The pervasive role of contact density can explain the robustness of the many varieties of Gō models that have been used to study folding. The results obtained with a Gō model are sensitive to the model parameters and various energy functional forms used [5,6,12,134-136]. A common means to safeguard against this is to compare folding results for multiple proteins obtained using the same model in light of available experimental data. Simulation results can also be influenced by the experimental structure from which the Gō model is derived, particularly the method used in its solution [137,138]. Note that NtrC exhibits a lower folding barrier than CheY and Spo0F in Figure 1, a result of having fewer native contacts overall and therefore a smoother landscape. The sparser native contacts in NtrC can be attributed to its being based on an NMR solution structure as opposed to the crystal structures for CheY and Spo0F [87]. It is also not uncommon for Gō models to be employed with native dihedral and/or angle restraints in addition to the typical nonbonded native interactions in order to make folding more cooperative [1,139]. Introducing a small desolvation barrier in the nonbonded native interaction potential has been employed as an alternate means of ensuring folding cooperativity [2,12,61,140].

Sulkowska and Cieplak recently compared a total of 62 different variations of the Gō potential in reproducing the experimental mechanical unfolding data of 28 proteins [12]. Several of the common functional forms employed for the native contact potential along with both uniform and heterogeneous energy scales were able to accurately reproduce the maximum unfolding force in stretching simulations (R2 ≈ 0.84).
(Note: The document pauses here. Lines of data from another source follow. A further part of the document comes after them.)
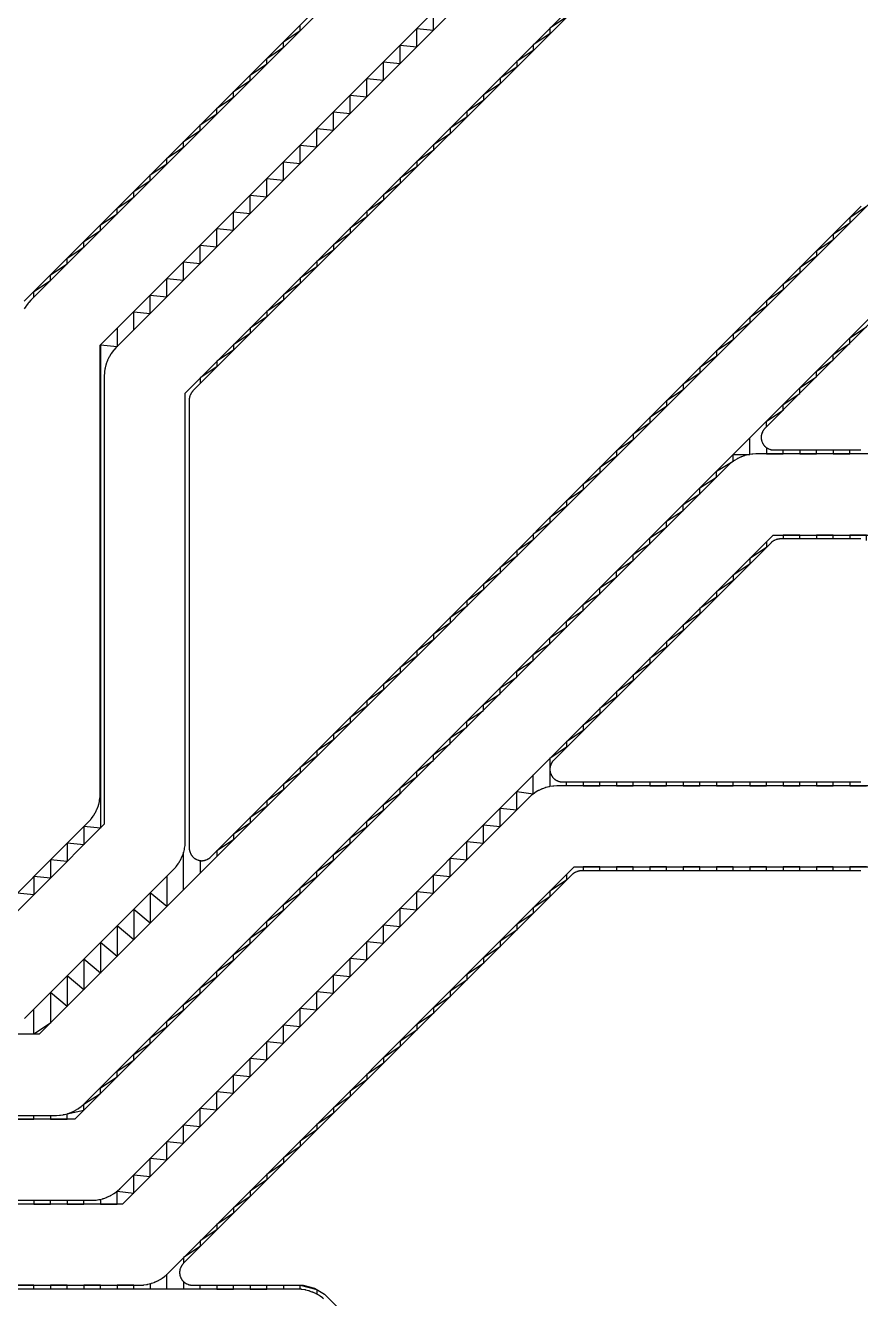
# Model space of a CAD drawing. Header units: metres. Extents: x 141.3 to 191.2, y -114.6 to -61.8.
# Drawn here: x 180.33 to 186.73, y -78.03 to -68.29 of the extents above; entities that cross this region are included whole.
import ezdxf

# ---------------------------------------------------------------- set-up
doc = ezdxf.new("R2010")
doc.units = ezdxf.units.M

msp = doc.modelspace()

# ---------------------------------------------------------------- linework, layer by layer
for points in [[(180.3215, -70.4029), (186.6982, -64.0262)], [(186.7247, -64.0427), (180.3747, -70.3927), (180.3733, -70.3942), (180.3718, -70.3957), (180.357, -70.4121), (180.3556, -70.4137), (180.3543, -70.4153), (180.353, -70.4169), (180.3517, -70.4186), (180.3386, -70.4363), (180.3373, -70.438), (180.3362, -70.4397), (180.335, -70.4415), (180.3339, -70.4432), (180.3226, -70.4622)], [(179.9583, -75.2423), (180.8133, -74.3873), (180.8147, -74.3858), (180.8162, -74.3843), (180.831, -74.3679), (180.8324, -74.3663), (180.8337, -74.3647), (180.835, -74.3631), (180.8363, -74.3614), (180.8494, -74.3437), (180.8507, -74.342), (180.8518, -74.3403), (180.853, -74.3385), (180.8541, -74.3368), (180.8654, -74.3178), (180.8665, -74.316), (180.8675, -74.3142), (180.8685, -74.3123), (180.8694, -74.3105), (180.8788, -74.2905), (180.8797, -74.2886), (180.8805, -74.2867), (180.8813, -74.2847), (180.882, -74.2828), (180.8895, -74.262), (180.8894, -74.262), (180.8901, -74.2602), (180.8907, -74.2581), (180.8913, -74.2561), (180.8919, -74.254), (180.8972, -74.2326), (180.8977, -74.2305), (180.8982, -74.2285), (180.8985, -74.2264), (180.8989, -74.2244), (180.9021, -74.2025), (180.9024, -74.2005), (180.9026, -74.1984), (180.9028, -74.1963), (180.9029, -74.1942), (180.904, -74.1722), (180.9041, -74.1701), (180.9041, -74.168), (180.9041, -70.7405), (186.757, -64.8876)], [(185.2007, -66.5827), (181.0257, -70.7577), (181.0243, -70.7592), (181.0228, -70.7607), (181.008, -70.7771), (181.0066, -70.7787), (181.0053, -70.7803), (181.004, -70.7819), (181.0027, -70.7836), (180.9896, -70.8013), (180.9883, -70.803), (180.9872, -70.8047), (180.986, -70.8065), (180.9849, -70.8082), (180.9736, -70.8272), (180.9725, -70.829), (180.9715, -70.8308), (180.9705, -70.8327), (180.9696, -70.8345), (180.9602, -70.8545), (180.9593, -70.8564), (180.9585, -70.8583), (180.9577, -70.8603), (180.957, -70.8622), (180.9495, -70.883), (180.9496, -70.883), (180.9489, -70.8848), (180.9483, -70.8869), (180.9477, -70.8889), (180.9471, -70.891), (180.9418, -70.9124), (180.9413, -70.9145), (180.9408, -70.9165), (180.9405, -70.9186), (180.9401, -70.9206), (180.9369, -70.9425), (180.9366, -70.9445), (180.9364, -70.9466), (180.9362, -70.9487), (180.9361, -70.9508), (180.935, -70.9728), (180.9349, -70.9749), (180.9349, -70.977), (180.9349, -74.4045), (179.9765, -75.3629)], [(180.3243, -75.8923), (181.4643, -74.7523), (181.4657, -74.7508), (181.4672, -74.7493), (181.482, -74.7329), (181.4834, -74.7313), (181.4847, -74.7297), (181.486, -74.7281), (181.4873, -74.7264), (181.5004, -74.7087), (181.5017, -74.707), (181.5028, -74.7053), (181.504, -74.7035), (181.5051, -74.7018), (181.5164, -74.6828), (181.5175, -74.681), (181.5185, -74.6792), (181.5195, -74.6773), (181.5204, -74.6755), (181.5298, -74.6555), (181.5307, -74.6536), (181.5315, -74.6517), (181.5323, -74.6497), (181.533, -74.6478), (181.5405, -74.627), (181.5404, -74.627), (181.5405, -74.6268), (181.5412, -74.6249), (181.5418, -74.6229), (181.5424, -74.621), (181.5429, -74.619), (181.5482, -74.5976), (181.5487, -74.5955), (181.5492, -74.5935), (181.5495, -74.5914), (181.5499, -74.5894), (181.5531, -74.5675), (181.5534, -74.5655), (181.5536, -74.5634), (181.5538, -74.5613), (181.5539, -74.5592), (181.555, -74.5372), (181.5551, -74.5351), (181.5551, -74.533), (181.5551, -71.1055), (185.5485, -67.1121)], [(185.5328, -67.1708), (181.6138, -71.0898), (181.6123, -71.0913), (181.6109, -71.0928), (181.6095, -71.0944), (181.6082, -71.096), (181.6069, -71.0976), (181.6056, -71.0992), (181.6044, -71.1009), (181.6032, -71.1027), (181.6021, -71.1044), (181.601, -71.1062), (181.5999, -71.108), (181.5989, -71.1098), (181.5979, -71.1117), (181.597, -71.1135), (181.5962, -71.1154), (181.5953, -71.1174), (181.592, -71.1255), (181.5912, -71.1274), (181.5905, -71.1294), (181.5898, -71.1314), (181.5892, -71.1333), (181.5886, -71.1353), (181.588, -71.1374), (181.5876, -71.1394), (181.5871, -71.1414), (181.5868, -71.1435), (181.5864, -71.1455), (181.5861, -71.1476), (181.5859, -71.1497), (181.5857, -71.1518), (181.5856, -71.1538), (181.5855, -71.1559), (181.5855, -71.158), (181.5855, -74.5878), (181.5855, -74.5899), (181.5856, -74.592), (181.5857, -74.5941), (181.5859, -74.5962), (181.5861, -74.5982), (181.5864, -74.6003), (181.5868, -74.6024), (181.5871, -74.6044), (181.5876, -74.6064), (181.588, -74.6085), (181.5886, -74.6105), (181.5892, -74.6125), (181.5898, -74.6145), (181.5905, -74.6165), (181.5912, -74.6184), (181.592, -74.6204), (181.5953, -74.6285), (181.5962, -74.6304), (181.597, -74.6323), (181.5979, -74.6342), (181.5989, -74.636), (181.5999, -74.6379), (181.601, -74.6397), (181.6021, -74.6414), (181.6032, -74.6432), (181.6044, -74.6449), (181.6056, -74.6466), (181.6069, -74.6483), (181.6082, -74.6499), (181.6095, -74.6515), (181.6109, -74.653), (181.6123, -74.6546), (181.6138, -74.6561), (181.6153, -74.6575), (181.6168, -74.6589), (181.6183, -74.6603), (181.6199, -74.6617), (181.6216, -74.663), (181.6232, -74.6642), (181.6249, -74.6655), (181.6266, -74.6666), (181.6284, -74.6678), (181.6302, -74.6689), (181.632, -74.6699), (181.6338, -74.6709), (181.6357, -74.6719), (181.6375, -74.6728), (181.6394, -74.6737), (181.6413, -74.6745), (181.6495, -74.6779), (181.6514, -74.6786), (181.6534, -74.6794), (181.6553, -74.68), (181.6573, -74.6807), (181.6593, -74.6812), (181.6613, -74.6818), (181.6634, -74.6823), (181.6654, -74.6827), (181.6675, -74.6831), (181.6695, -74.6834), (181.6716, -74.6837), (181.6737, -74.6839), (181.6757, -74.6841), (181.6778, -74.6842), (181.6799, -74.6843), (181.682, -74.6843), (181.6841, -74.6843), (181.6862, -74.6842), (181.6883, -74.6841), (181.6903, -74.6839), (181.6924, -74.6837), (181.6945, -74.6834), (181.6965, -74.6831), (181.6986, -74.6827), (181.7006, -74.6823), (181.7027, -74.6818), (181.7047, -74.6812), (181.7067, -74.6807), (181.7087, -74.68), (181.7106, -74.6794), (181.7126, -74.6786), (181.7145, -74.6779), (181.7227, -74.6745), (181.7246, -74.6737), (181.7265, -74.6728), (181.7283, -74.6719), (181.7302, -74.6709), (181.732, -74.6699), (181.7338, -74.6689), (181.7356, -74.6678), (181.7374, -74.6666), (181.7391, -74.6655), (181.7408, -74.6642), (181.7424, -74.663), (181.7441, -74.6617), (181.7457, -74.6603), (181.7472, -74.6589), (181.7487, -74.6575), (181.7502, -74.6561), (186.7303, -69.676)], [(181.16, -70.6234), (181.16, -70.4846), (181.2875, -70.4959), (181.2875, -70.3571), (181.415, -70.3684), (181.415, -70.2296), (181.5425, -70.2409), (181.5425, -70.1021), (181.67, -70.1134), (181.67, -69.9746), (181.7975, -69.9859), (181.7975, -69.8471), (181.925, -69.8584), (181.925, -69.7196), (182.0525, -69.7309), (182.0525, -69.5921), (182.18, -69.6034), (182.18, -69.4646), (182.3075, -69.4759), (182.3075, -69.3371), (182.435, -69.3484), (182.435, -69.2096), (182.5625, -69.2209), (182.5625, -69.0821), (182.69, -69.0934), (182.69, -68.9546), (182.8175, -68.9659), (182.8175, -68.8271), (182.945, -68.8384), (182.945, -68.6996), (183.0725, -68.7109), (183.0725, -68.5721), (183.2, -68.5834), (183.2, -68.4446), (183.3275, -68.4559), (183.3275, -68.3171), (183.455, -68.3284), (183.455, -68.1896)], [(180.395, -70.3724), (180.395, -70.3295), (180.5225, -70.2449), (180.5225, -70.202), (180.65, -70.1174), (180.65, -70.0745), (180.7775, -69.9899), (180.7775, -69.947), (180.905, -69.8624), (180.905, -69.8195), (181.0325, -69.7349), (181.0325, -69.692), (181.16, -69.6074), (181.16, -69.5645), (181.2875, -69.4799), (181.2875, -69.437), (181.415, -69.3524), (181.415, -69.3095), (181.5425, -69.2249), (181.5425, -69.182), (181.67, -69.0974), (181.67, -69.0545), (181.7975, -68.9699), (181.7975, -68.927), (181.925, -68.8424), (181.925, -68.7995), (182.0525, -68.7149), (182.0525, -68.672), (182.18, -68.5874), (182.18, -68.5445), (182.3075, -68.4599), (182.3075, -68.417), (182.435, -68.3324), (182.435, -68.2895)], [(184.475, -68.2285), (184.3475, -68.3131), (184.3475, -68.356), (184.22, -68.4406), (184.22, -68.4835), (184.0925, -68.5681), (184.0925, -68.611), (183.965, -68.6956), (183.965, -68.7385), (183.8375, -68.8231), (183.8375, -68.866), (183.71, -68.9506), (183.71, -68.9935), (183.5825, -69.0781), (183.5825, -69.121), (183.455, -69.2056), (183.455, -69.2485), (183.3275, -69.3331), (183.3275, -69.376), (183.2, -69.4606), (183.2, -69.5035), (183.0725, -69.5881), (183.0725, -69.631), (182.945, -69.7156), (182.945, -69.7585), (182.8175, -69.8431), (182.8175, -69.886), (182.69, -69.9706), (182.69, -70.0135), (182.5625, -70.0981), (182.5625, -70.141), (182.435, -70.2256), (182.435, -70.2685), (182.3075, -70.3531), (182.3075, -70.396), (182.18, -70.4806), (182.18, -70.5235), (182.0525, -70.6081), (182.0525, -70.651), (181.925, -70.7356), (181.925, -70.7785), (181.7975, -70.8631), (181.7975, -70.906), (181.67, -70.9906), (181.67, -71.0335)], [(186.8074, -69.6419), (180.4364, -76.0129), (178.81, -76.0129)], [(186.77, -69.6793), (186.6425, -69.7638), (186.6425, -69.8068), (186.515, -69.8913), (186.515, -69.9343), (186.3875, -70.0188), (186.3875, -70.0618), (186.26, -70.1463), (186.26, -70.1893), (186.1325, -70.2738), (186.1325, -70.3168), (186.005, -70.4013), (186.005, -70.4443), (185.8775, -70.5288), (185.8775, -70.5718), (185.75, -70.6563), (185.75, -70.6993), (185.6225, -70.7838), (185.6225, -70.8268), (185.495, -70.9113), (185.495, -70.9543), (185.3675, -71.0388), (185.3675, -71.0818), (185.24, -71.1663), (185.24, -71.2093), (185.1125, -71.2938), (185.1125, -71.3368), (184.985, -71.4213), (184.985, -71.4643), (184.8575, -71.5488), (184.8575, -71.5918), (184.73, -71.6763), (184.73, -71.7193), (184.6025, -71.8038), (184.6025, -71.8468), (184.475, -71.9313), (184.475, -71.9743), (184.3475, -72.0588), (184.3475, -72.1018), (184.22, -72.1863), (184.22, -72.2293), (184.0925, -72.3138), (184.0925, -72.3568), (183.965, -72.4413), (183.965, -72.4843), (183.8375, -72.5688), (183.8375, -72.6118), (183.71, -72.6963), (183.71, -72.7393), (183.5825, -72.8238), (183.5825, -72.8668), (183.455, -72.9513), (183.455, -72.9943), (183.3275, -73.0788), (183.3275, -73.1218), (183.2, -73.2063), (183.2, -73.2493), (183.0725, -73.3338), (183.0725, -73.3768), (182.945, -73.4613), (182.945, -73.5043), (182.8175, -73.5888), (182.8175, -73.6318), (182.69, -73.7163), (182.69, -73.7593), (182.5625, -73.8438), (182.5625, -73.8868), (182.435, -73.9713), (182.435, -74.0143), (182.3075, -74.0988), (182.3075, -74.1418), (182.18, -74.2263), (182.18, -74.2693), (182.0525, -74.3538), (182.0525, -74.3968), (181.925, -74.4813), (181.925, -74.5243), (181.7975, -74.6088), (181.7975, -74.6518)], [(178.81, -76.6331), (180.5648, -76.6331), (180.5669, -76.6331), (180.569, -76.633), (180.5911, -76.6319), (180.5932, -76.6318), (180.5952, -76.6316), (180.5973, -76.6314), (180.5994, -76.6311), (180.6212, -76.6279), (180.6233, -76.6275), (180.6253, -76.6272), (180.6274, -76.6267), (180.6294, -76.6262), (180.6508, -76.6209), (180.6529, -76.6203), (180.6549, -76.6198), (180.6568, -76.6191), (180.6588, -76.6185), (180.6796, -76.611), (180.6816, -76.6103), (180.6835, -76.6095), (180.6854, -76.6087), (180.6873, -76.6078), (180.7073, -76.5984), (180.7092, -76.5975), (180.711, -76.5965), (180.7129, -76.5955), (180.7147, -76.5944), (180.7336, -76.5831), (180.7354, -76.582), (180.7371, -76.5808), (180.7388, -76.5797), (180.7405, -76.5784), (180.7583, -76.5653), (180.7599, -76.564), (180.7616, -76.5627), (180.7632, -76.5614), (180.7647, -76.56), (180.7811, -76.5452), (180.7826, -76.5437), (180.7841, -76.5423), (187.194, -70.1324)], [(187.1446, -70.2248), (186.2796, -71.0898), (185.9926, -71.3768), (185.9912, -71.3783), (185.9897, -71.3798), (185.9884, -71.3813), (185.987, -71.3829), (185.9857, -71.3846), (185.9844, -71.3862), (185.9832, -71.3879), (185.982, -71.3896), (185.9809, -71.3914), (185.9798, -71.3932), (185.9788, -71.395), (185.9778, -71.3968), (185.9768, -71.3987), (185.9759, -71.4005), (185.975, -71.4024), (185.9742, -71.4043), (185.9708, -71.4125), (185.97, -71.4144), (185.9693, -71.4164), (185.9686, -71.4183), (185.968, -71.4203), (185.9674, -71.4223), (185.9669, -71.4243), (185.9664, -71.4264), (185.966, -71.4284), (185.9656, -71.4305), (185.9653, -71.4325), (185.965, -71.4346), (185.9648, -71.4367), (185.9646, -71.4387), (185.9645, -71.4408), (185.9644, -71.4429), (185.9644, -71.445), (185.9644, -71.4471), (185.9645, -71.4492), (185.9646, -71.4513), (185.9648, -71.4533), (185.965, -71.4554), (185.9653, -71.4575), (185.9656, -71.4595), (185.966, -71.4616), (185.9664, -71.4636), (185.9669, -71.4657), (185.9674, -71.4677), (185.968, -71.4697), (185.9686, -71.4717), (185.9693, -71.4736), (185.97, -71.4756), (185.9708, -71.4775), (185.9742, -71.4857), (185.975, -71.4876), (185.9759, -71.4895), (185.9768, -71.4913), (185.9778, -71.4932), (185.9788, -71.495), (185.9798, -71.4968), (185.9809, -71.4986), (185.982, -71.5004), (185.9832, -71.5021), (185.9844, -71.5038), (185.9857, -71.5054), (185.987, -71.5071), (185.9884, -71.5087), (185.9897, -71.5102), (185.9912, -71.5117), (185.9926, -71.5132), (185.9941, -71.5147), (185.9956, -71.5161), (185.9972, -71.5175), (185.9988, -71.5188), (186.0004, -71.5201), (186.0021, -71.5214), (186.0038, -71.5226), (186.0055, -71.5238), (186.0072, -71.5249), (186.009, -71.526), (186.0108, -71.5271), (186.0127, -71.5281), (186.0145, -71.5291), (186.0164, -71.53), (186.0183, -71.5308), (186.0202, -71.5317), (186.0283, -71.535), (186.0303, -71.5358), (186.0322, -71.5365), (186.0342, -71.5372), (186.0362, -71.5378), (186.0382, -71.5384), (186.0402, -71.539), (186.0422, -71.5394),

Most of the other models investigated came in a close second tier with R2 > 0.70 for the correlation between predicted and experimental unfolding forces. Whitford et al. have compared results obtained from Cα and all-atom Gō models of three proteins [85]. While the Cα models neglected sidechain packing considerations, the correct global folding mechanisms were still obtained. Such studies suggest that the many variations of Gō models that have been employed to date are more alike than they are dissimilar.

Current non-Gō coarse-grained models depend on some form of secondary structure restraints to ensure native state stability [21-24]. Improving the physical accuracy of these non-Gō interactions will be a necessary step in removing biasing potentials from coarse-grained models so that large scale conformational transitions can be more readily studied. Native structure restraints aside, empirical coarse-graining techniques can often be considered Gō-like for their very nature of neglecting detailed atomistic interactions whilst favoring the essential interactions of the system [141-144]. In lieu of a physically accurate and transferable non-Gō coarse-grained model for proteins, Gō-like models will continue to find application in the study of protein folding and dynamics. The mechanical unfolding of titin, ubiquitin, bacteriorhodopsin and knotted transcarbamylase has recently been simulated using Gō potentials [76,145-149]. A Gō modeling survey of 7,510 structures in the Protein Data Bank was used to further delineate the topological determinants of mechanical stability [150]. A 297-residue outer membrane protease has been studied using a hybrid atomistic/coarse-grained approach in which the active site was represented with an atomistic force field and the protein scaffold was described using a Gō model [151-153]. Symmetrized Gō potentials have been employed for domain swapping and amyloid aggregation in which intermonomer residue contacts are treated identical to intramonomer native contacts [13,14,154]. Gō model simulations have been performed to explore the influence of macromolecular crowding agents [155,156] and confinement [62] on folding. Electrostatic interactions were incorporated between a Gō model of a transcription factor and coarse-grained DNA, which caused the protein to visit partially unfolded forms and suggested a fly casting mechanism of target recognition [157]. Lastly, in light of the connections with contact density, the link between function and folding mechanism is becoming a topic of considerable investigation [86,158-164].